_WORK REQUEST_
Go through the entries below and copy each line containing the word "highlights".

_Source data_
━━━━

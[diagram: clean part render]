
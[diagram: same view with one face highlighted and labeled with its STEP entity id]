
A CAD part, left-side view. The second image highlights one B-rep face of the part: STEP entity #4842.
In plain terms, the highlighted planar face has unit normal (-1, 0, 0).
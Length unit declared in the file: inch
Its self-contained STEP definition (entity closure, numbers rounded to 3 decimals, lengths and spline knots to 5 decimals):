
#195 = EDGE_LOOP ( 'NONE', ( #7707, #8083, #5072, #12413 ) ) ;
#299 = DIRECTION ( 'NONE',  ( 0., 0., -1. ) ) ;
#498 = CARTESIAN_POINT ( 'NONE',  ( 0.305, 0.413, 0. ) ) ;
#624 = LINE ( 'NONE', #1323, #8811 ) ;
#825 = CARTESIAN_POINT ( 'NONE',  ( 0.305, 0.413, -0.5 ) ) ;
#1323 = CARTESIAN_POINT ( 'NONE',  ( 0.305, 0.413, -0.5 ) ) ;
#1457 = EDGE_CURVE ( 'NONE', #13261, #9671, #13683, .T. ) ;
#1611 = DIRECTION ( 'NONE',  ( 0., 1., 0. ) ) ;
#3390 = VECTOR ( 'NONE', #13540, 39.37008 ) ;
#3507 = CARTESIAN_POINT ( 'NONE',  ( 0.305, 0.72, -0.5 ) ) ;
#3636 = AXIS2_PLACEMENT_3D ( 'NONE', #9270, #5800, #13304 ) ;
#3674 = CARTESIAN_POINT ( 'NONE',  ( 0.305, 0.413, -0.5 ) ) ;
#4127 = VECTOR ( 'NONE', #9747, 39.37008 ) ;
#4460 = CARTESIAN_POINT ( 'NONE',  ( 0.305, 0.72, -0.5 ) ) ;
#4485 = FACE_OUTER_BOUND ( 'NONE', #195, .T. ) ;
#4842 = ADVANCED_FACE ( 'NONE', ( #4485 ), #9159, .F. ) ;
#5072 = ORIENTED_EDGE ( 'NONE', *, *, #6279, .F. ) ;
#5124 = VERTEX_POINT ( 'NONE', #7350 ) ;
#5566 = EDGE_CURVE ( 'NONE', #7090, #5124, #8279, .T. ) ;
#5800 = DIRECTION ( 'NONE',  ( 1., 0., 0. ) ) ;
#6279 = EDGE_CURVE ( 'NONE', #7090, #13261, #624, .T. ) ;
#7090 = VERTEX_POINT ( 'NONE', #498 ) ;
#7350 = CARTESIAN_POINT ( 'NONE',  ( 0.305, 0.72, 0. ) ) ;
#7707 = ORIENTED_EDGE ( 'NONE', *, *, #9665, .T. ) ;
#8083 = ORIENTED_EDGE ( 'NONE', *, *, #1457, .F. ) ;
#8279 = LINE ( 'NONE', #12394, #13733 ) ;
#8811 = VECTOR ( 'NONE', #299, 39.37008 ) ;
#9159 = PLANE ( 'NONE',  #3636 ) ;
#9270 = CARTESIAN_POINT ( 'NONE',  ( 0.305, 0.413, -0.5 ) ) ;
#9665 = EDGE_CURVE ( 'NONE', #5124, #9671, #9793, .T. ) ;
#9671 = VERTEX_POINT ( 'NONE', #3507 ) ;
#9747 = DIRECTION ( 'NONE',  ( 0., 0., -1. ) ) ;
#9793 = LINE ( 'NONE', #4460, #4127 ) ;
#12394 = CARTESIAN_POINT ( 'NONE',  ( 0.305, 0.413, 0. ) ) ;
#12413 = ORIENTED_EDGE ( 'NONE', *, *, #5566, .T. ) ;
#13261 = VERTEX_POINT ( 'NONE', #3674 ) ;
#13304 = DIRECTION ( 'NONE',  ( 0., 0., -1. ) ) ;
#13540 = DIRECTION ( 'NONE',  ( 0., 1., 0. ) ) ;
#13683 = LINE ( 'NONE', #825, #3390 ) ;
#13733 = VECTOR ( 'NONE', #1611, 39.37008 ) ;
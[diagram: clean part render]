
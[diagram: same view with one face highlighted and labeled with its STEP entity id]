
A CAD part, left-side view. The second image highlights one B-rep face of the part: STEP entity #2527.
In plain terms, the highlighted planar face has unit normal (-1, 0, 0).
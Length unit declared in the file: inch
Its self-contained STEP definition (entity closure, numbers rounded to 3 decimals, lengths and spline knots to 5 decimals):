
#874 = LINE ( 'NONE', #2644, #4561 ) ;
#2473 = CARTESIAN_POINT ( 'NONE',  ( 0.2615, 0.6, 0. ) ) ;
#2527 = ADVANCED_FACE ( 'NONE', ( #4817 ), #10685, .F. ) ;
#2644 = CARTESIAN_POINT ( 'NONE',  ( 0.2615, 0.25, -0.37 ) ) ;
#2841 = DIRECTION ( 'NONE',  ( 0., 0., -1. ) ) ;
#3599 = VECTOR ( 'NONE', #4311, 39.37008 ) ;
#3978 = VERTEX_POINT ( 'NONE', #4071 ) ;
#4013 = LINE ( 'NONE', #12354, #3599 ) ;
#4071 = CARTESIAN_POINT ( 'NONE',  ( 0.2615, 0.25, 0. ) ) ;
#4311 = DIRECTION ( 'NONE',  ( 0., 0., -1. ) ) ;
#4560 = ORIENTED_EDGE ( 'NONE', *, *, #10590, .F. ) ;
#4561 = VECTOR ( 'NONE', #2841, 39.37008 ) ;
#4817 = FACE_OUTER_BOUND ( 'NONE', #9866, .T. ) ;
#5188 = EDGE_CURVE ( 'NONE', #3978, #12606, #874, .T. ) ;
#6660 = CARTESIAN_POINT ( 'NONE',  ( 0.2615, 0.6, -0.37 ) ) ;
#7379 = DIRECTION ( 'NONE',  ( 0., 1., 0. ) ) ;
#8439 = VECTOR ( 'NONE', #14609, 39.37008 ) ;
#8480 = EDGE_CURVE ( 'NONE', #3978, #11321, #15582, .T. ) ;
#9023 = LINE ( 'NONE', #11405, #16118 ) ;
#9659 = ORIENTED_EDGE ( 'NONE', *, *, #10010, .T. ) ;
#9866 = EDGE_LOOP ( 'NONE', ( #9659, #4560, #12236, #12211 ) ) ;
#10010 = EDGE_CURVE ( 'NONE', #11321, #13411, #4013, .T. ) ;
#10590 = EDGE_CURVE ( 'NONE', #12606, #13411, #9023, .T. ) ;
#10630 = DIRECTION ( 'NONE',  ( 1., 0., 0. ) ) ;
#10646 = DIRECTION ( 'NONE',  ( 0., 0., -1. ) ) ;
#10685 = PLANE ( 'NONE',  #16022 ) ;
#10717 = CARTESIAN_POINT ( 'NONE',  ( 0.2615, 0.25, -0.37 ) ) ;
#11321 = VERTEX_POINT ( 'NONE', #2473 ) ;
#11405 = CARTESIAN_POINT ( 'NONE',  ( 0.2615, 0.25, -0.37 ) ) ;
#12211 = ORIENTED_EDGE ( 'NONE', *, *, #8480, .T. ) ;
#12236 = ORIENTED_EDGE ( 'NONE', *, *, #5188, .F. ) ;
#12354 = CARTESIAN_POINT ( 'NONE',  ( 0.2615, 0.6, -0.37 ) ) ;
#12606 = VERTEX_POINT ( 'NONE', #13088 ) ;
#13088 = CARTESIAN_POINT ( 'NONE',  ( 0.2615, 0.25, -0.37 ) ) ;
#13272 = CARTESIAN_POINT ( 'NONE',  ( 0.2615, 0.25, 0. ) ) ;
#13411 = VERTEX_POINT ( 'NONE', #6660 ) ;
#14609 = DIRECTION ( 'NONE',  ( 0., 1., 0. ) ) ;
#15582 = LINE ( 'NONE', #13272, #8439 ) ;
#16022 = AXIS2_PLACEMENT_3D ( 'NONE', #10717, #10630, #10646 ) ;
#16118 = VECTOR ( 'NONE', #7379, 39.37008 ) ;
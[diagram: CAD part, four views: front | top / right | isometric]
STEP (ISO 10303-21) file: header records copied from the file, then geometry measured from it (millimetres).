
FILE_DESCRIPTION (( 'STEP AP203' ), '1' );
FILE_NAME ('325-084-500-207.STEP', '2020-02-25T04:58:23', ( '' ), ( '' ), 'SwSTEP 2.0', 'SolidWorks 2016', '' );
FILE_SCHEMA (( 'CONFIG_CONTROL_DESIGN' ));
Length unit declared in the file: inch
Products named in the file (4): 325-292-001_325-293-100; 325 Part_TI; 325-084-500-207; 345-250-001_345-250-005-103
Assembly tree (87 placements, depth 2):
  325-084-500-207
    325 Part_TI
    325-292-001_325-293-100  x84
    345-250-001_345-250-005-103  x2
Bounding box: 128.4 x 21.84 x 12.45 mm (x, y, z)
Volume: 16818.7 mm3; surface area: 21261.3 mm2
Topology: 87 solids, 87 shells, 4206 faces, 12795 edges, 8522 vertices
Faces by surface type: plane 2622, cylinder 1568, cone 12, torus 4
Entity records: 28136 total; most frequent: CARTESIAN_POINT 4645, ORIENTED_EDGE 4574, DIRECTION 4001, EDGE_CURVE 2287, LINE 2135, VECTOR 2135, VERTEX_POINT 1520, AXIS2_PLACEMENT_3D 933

━━━━

_TASK SOLUTION_
A CAD part, left-side view. The second image highlights one B-rep face of the part: STEP entity #4842.
A CAD part, left-side view. The second image highlights one B-rep face of the part: STEP entity #2527.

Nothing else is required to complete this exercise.